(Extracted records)
◆ ◆ ◆ ◆ ◆ ◆ ◆
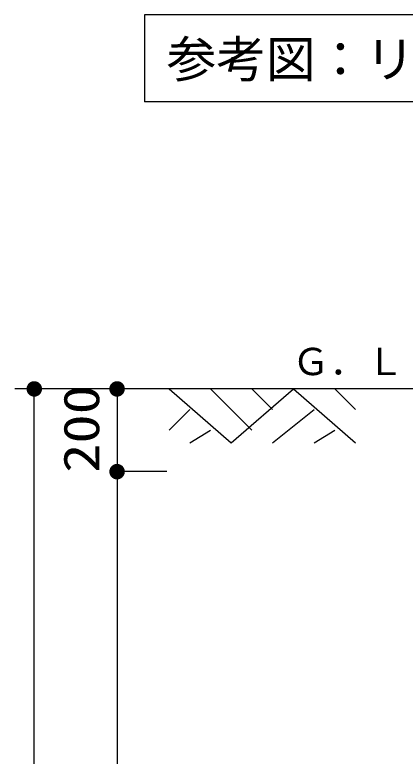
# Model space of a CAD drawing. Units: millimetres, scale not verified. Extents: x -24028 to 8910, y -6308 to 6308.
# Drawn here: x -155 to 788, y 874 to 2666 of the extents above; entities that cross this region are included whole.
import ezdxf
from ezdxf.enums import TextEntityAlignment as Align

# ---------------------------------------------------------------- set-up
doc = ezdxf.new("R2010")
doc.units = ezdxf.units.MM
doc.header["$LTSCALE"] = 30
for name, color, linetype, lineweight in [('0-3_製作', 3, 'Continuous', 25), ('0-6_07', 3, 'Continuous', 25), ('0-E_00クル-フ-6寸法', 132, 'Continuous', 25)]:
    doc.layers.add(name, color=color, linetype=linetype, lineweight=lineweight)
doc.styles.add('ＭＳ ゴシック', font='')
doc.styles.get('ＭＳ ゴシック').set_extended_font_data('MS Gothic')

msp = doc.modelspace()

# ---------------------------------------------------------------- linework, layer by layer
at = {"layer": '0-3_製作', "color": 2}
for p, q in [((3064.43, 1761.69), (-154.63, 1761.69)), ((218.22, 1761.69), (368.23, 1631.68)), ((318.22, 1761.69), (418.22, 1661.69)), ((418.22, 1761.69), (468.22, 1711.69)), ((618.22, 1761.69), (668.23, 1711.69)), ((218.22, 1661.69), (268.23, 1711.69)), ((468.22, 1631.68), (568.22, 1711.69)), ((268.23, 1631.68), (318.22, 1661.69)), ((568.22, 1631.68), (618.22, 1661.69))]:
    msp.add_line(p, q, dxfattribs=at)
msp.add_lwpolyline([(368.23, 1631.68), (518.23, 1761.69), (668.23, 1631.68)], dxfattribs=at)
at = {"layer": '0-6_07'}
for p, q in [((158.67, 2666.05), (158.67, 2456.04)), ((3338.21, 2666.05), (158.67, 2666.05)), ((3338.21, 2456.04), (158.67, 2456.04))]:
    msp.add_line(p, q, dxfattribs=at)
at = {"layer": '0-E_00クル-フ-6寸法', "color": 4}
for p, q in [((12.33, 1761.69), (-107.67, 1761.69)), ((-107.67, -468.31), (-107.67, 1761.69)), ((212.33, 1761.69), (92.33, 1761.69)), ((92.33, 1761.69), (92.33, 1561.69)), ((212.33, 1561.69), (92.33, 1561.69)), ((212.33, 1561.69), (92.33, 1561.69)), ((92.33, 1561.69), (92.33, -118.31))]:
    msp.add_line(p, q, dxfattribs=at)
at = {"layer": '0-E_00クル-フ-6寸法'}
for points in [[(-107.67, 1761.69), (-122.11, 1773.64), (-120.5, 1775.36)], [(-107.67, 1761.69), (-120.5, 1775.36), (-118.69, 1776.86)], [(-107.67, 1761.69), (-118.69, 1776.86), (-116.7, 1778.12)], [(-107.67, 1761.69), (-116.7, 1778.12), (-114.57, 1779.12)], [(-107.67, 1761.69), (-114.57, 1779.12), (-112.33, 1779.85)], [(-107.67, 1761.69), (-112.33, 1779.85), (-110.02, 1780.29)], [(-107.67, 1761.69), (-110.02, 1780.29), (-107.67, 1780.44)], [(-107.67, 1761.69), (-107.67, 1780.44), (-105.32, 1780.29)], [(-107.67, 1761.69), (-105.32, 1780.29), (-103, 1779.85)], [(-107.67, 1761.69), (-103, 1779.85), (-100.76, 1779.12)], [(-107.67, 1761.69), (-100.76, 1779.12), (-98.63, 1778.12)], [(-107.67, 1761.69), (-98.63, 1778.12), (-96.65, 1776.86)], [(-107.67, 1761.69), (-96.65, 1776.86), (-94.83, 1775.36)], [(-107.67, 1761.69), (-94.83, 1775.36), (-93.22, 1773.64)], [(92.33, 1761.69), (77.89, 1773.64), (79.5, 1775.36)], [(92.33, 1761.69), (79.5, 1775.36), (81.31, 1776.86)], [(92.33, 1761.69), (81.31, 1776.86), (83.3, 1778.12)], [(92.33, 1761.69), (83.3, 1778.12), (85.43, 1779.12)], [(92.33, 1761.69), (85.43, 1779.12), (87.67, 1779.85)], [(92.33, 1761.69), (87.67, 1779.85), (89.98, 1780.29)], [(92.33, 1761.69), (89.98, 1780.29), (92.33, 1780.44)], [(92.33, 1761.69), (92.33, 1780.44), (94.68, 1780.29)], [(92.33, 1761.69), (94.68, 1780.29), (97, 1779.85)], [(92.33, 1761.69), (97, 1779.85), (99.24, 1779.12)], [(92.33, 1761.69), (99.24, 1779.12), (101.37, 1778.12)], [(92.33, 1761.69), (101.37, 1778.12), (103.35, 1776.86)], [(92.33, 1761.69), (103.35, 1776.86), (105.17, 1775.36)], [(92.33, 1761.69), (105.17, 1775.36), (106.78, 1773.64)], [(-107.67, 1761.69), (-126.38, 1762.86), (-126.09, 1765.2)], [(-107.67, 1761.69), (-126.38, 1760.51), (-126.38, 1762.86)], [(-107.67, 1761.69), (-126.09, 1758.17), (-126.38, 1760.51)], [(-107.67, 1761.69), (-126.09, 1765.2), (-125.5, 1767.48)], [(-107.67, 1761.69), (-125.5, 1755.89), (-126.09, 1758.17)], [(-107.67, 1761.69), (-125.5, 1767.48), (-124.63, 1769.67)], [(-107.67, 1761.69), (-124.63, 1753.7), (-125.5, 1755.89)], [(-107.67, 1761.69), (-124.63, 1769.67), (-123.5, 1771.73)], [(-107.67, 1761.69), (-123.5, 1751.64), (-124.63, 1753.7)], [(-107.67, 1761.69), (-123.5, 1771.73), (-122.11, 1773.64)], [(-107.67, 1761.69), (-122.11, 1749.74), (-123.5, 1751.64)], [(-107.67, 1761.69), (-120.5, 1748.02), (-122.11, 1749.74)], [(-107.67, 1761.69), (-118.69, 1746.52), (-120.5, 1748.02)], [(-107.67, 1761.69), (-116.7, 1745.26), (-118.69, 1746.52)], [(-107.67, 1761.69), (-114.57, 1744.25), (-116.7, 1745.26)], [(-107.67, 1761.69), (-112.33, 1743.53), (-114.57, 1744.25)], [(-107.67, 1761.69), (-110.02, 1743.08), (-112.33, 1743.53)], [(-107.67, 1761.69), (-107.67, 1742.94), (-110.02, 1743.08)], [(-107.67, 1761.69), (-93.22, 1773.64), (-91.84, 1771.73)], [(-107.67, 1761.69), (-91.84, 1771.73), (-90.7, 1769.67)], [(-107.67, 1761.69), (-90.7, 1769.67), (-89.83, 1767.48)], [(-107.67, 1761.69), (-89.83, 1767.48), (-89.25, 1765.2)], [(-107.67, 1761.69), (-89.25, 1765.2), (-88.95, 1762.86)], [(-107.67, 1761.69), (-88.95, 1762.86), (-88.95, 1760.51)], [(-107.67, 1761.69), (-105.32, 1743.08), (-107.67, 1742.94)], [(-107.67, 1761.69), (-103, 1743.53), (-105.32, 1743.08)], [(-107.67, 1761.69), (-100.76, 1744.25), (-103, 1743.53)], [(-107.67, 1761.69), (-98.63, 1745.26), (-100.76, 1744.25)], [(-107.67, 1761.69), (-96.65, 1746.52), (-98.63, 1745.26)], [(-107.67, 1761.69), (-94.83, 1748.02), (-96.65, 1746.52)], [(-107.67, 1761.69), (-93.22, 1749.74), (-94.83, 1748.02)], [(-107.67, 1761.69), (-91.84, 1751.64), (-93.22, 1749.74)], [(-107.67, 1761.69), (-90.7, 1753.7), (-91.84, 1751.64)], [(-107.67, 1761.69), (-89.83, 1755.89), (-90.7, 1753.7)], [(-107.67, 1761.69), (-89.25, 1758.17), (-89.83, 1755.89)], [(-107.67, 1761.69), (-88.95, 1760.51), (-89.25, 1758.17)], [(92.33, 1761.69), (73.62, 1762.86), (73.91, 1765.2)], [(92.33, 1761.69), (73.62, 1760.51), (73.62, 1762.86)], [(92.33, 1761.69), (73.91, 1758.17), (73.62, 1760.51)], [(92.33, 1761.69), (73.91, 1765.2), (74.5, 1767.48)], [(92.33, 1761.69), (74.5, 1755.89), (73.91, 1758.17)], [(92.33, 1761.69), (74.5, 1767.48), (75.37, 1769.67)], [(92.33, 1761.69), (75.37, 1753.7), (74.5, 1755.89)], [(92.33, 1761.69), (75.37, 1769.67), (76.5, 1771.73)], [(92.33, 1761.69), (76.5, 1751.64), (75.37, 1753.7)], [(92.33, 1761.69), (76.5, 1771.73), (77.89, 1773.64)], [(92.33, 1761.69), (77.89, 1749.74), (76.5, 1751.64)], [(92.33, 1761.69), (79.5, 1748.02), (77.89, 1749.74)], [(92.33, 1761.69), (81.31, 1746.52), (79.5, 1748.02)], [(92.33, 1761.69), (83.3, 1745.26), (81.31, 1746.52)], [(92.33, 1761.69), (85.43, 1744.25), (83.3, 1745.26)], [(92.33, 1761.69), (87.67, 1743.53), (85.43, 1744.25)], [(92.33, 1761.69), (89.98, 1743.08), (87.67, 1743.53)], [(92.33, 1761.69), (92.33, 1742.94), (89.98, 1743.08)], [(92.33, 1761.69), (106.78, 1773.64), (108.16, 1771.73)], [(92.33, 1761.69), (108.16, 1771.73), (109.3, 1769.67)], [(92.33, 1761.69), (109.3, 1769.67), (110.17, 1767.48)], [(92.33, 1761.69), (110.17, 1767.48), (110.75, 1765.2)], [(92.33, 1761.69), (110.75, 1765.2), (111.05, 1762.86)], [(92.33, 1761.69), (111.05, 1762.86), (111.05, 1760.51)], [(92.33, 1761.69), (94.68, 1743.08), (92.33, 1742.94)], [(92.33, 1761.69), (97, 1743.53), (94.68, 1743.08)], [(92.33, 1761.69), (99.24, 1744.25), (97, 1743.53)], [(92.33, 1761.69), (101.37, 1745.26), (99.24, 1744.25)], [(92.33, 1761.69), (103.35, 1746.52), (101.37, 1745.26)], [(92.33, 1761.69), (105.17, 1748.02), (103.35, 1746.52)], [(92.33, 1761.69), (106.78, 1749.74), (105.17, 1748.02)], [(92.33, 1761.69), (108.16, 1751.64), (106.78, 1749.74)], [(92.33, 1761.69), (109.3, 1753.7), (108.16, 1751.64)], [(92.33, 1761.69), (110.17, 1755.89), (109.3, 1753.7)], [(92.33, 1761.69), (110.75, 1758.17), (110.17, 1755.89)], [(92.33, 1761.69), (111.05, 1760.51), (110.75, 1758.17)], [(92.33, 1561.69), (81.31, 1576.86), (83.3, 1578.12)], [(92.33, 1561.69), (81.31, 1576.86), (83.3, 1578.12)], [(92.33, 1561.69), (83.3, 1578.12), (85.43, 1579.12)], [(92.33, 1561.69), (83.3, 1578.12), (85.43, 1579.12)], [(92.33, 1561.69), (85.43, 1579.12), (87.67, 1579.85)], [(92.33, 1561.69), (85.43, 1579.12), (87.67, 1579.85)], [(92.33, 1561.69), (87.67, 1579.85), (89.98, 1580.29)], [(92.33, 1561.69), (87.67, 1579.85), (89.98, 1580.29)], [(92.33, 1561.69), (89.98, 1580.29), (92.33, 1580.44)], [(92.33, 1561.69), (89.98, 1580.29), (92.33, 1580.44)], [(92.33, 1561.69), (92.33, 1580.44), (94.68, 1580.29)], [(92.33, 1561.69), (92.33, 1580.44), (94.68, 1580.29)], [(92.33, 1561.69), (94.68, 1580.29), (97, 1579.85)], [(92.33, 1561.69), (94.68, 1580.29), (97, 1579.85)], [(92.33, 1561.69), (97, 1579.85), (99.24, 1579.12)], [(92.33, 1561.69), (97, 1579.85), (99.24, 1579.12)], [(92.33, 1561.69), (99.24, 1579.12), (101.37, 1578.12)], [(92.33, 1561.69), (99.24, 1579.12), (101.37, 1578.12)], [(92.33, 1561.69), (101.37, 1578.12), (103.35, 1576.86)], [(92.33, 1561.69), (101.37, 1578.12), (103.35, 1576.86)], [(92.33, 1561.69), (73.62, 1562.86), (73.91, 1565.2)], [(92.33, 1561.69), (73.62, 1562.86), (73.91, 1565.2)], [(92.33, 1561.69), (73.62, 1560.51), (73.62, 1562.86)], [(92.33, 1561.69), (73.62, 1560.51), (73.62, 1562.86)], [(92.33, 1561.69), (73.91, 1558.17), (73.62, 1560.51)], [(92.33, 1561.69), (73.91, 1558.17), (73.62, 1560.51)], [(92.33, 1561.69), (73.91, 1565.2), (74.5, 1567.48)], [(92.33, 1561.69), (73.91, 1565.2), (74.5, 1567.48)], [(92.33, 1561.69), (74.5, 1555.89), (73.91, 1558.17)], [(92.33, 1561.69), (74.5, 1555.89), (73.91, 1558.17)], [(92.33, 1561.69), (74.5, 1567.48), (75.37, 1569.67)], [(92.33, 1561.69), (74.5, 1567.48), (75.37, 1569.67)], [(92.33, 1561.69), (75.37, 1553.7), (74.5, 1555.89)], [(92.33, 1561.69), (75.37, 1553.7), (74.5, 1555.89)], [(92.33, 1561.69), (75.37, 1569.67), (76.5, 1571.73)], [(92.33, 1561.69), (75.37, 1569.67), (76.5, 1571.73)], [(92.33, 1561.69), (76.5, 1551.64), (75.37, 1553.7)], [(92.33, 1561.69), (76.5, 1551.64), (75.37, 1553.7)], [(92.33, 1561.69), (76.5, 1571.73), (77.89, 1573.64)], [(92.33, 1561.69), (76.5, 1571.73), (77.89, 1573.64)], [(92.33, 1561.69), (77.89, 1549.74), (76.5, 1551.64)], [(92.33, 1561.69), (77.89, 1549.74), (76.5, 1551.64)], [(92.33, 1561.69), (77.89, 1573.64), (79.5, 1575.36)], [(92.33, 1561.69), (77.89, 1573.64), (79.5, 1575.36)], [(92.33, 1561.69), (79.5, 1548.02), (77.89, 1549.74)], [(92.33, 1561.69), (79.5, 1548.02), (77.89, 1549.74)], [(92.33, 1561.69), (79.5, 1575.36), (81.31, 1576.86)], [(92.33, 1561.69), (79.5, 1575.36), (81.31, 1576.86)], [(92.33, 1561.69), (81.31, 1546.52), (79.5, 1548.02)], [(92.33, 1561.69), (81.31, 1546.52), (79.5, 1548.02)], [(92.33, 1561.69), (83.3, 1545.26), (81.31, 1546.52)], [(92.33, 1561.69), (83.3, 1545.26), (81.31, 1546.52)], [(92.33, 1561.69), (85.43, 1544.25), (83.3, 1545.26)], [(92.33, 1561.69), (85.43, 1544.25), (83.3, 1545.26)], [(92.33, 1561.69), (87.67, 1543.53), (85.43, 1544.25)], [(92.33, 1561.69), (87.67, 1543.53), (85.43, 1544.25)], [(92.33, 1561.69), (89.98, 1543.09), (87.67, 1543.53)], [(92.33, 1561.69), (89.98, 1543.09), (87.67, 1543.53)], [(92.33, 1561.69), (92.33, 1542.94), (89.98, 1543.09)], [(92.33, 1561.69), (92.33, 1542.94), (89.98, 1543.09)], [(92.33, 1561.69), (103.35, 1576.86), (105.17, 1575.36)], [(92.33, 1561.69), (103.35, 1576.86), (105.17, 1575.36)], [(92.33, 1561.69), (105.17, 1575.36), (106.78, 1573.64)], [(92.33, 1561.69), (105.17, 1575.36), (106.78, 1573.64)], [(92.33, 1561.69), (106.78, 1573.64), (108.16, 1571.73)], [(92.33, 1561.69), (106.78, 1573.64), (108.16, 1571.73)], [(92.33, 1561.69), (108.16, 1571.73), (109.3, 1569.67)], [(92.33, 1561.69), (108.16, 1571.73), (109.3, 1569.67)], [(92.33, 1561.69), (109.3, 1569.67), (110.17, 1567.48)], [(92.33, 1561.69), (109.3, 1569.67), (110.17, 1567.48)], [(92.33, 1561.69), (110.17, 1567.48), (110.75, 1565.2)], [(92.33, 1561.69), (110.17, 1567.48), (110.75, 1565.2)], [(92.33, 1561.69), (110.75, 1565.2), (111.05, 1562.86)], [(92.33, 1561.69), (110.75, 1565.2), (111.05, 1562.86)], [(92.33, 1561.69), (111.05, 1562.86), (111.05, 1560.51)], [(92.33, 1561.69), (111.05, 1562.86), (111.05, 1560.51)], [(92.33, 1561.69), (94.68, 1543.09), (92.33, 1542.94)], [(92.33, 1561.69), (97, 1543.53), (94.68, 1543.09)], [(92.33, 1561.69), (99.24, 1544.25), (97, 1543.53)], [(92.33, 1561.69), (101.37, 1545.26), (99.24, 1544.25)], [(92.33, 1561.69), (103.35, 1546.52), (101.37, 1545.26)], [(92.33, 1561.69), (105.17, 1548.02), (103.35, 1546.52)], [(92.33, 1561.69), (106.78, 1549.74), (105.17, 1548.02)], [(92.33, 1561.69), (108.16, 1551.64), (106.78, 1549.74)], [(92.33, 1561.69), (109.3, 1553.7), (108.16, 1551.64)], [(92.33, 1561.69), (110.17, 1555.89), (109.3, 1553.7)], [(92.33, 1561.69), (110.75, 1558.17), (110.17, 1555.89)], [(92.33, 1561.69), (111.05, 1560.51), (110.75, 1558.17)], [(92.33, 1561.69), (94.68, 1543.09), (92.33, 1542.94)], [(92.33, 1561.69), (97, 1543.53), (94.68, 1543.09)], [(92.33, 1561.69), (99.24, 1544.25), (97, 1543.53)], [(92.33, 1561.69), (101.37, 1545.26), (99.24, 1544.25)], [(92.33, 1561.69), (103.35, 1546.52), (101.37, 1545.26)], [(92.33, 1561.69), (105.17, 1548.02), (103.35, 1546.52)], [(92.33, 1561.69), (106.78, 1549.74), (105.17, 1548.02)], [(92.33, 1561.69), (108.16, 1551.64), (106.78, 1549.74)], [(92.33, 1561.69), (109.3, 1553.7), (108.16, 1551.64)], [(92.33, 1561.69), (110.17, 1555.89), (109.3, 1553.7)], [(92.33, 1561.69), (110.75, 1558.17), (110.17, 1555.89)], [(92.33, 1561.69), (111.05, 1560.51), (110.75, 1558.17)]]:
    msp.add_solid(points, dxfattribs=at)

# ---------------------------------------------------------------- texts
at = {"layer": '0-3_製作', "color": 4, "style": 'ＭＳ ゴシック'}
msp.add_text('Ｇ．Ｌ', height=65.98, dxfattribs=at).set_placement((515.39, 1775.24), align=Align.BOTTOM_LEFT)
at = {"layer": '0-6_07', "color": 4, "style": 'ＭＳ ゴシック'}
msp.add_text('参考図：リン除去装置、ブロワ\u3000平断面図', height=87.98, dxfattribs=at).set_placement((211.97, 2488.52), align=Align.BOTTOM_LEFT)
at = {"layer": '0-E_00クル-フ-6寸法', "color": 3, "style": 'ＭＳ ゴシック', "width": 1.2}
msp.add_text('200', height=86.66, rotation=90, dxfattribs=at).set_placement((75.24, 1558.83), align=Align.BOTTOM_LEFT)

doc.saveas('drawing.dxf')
◆ ◆ ◆ ◆ ◆ ◆ ◆
▶ _Exercise instructions_
Although the records above contain pictures, the copy should hold only the lines from their start through the line containing "layer by layer", each exactly as written, and none of the pictures.

▶ _Task response_
# Model space of a CAD drawing. Units: millimetres, scale not verified. Extents: x -24028 to 8910, y -6308 to 6308.
# Drawn here: x -155 to 788, y 874 to 2666 of the extents above; entities that cross this region are included whole.
import ezdxf
from ezdxf.enums import TextEntityAlignment as Align

# ---------------------------------------------------------------- set-up
doc = ezdxf.new("R2010")
doc.units = ezdxf.units.MM
doc.header["$LTSCALE"] = 30
for name, color, linetype, lineweight in [('0-3_製作', 3, 'Continuous', 25), ('0-6_07', 3, 'Continuous', 25), ('0-E_00クル-フ-6寸法', 132, 'Continuous', 25)]:
    doc.layers.add(name, color=color, linetype=linetype, lineweight=lineweight)
doc.styles.add('ＭＳ ゴシック', font='')
doc.styles.get('ＭＳ ゴシック').set_extended_font_data('MS Gothic')

msp = doc.modelspace()

# ---------------------------------------------------------------- linework, layer by layer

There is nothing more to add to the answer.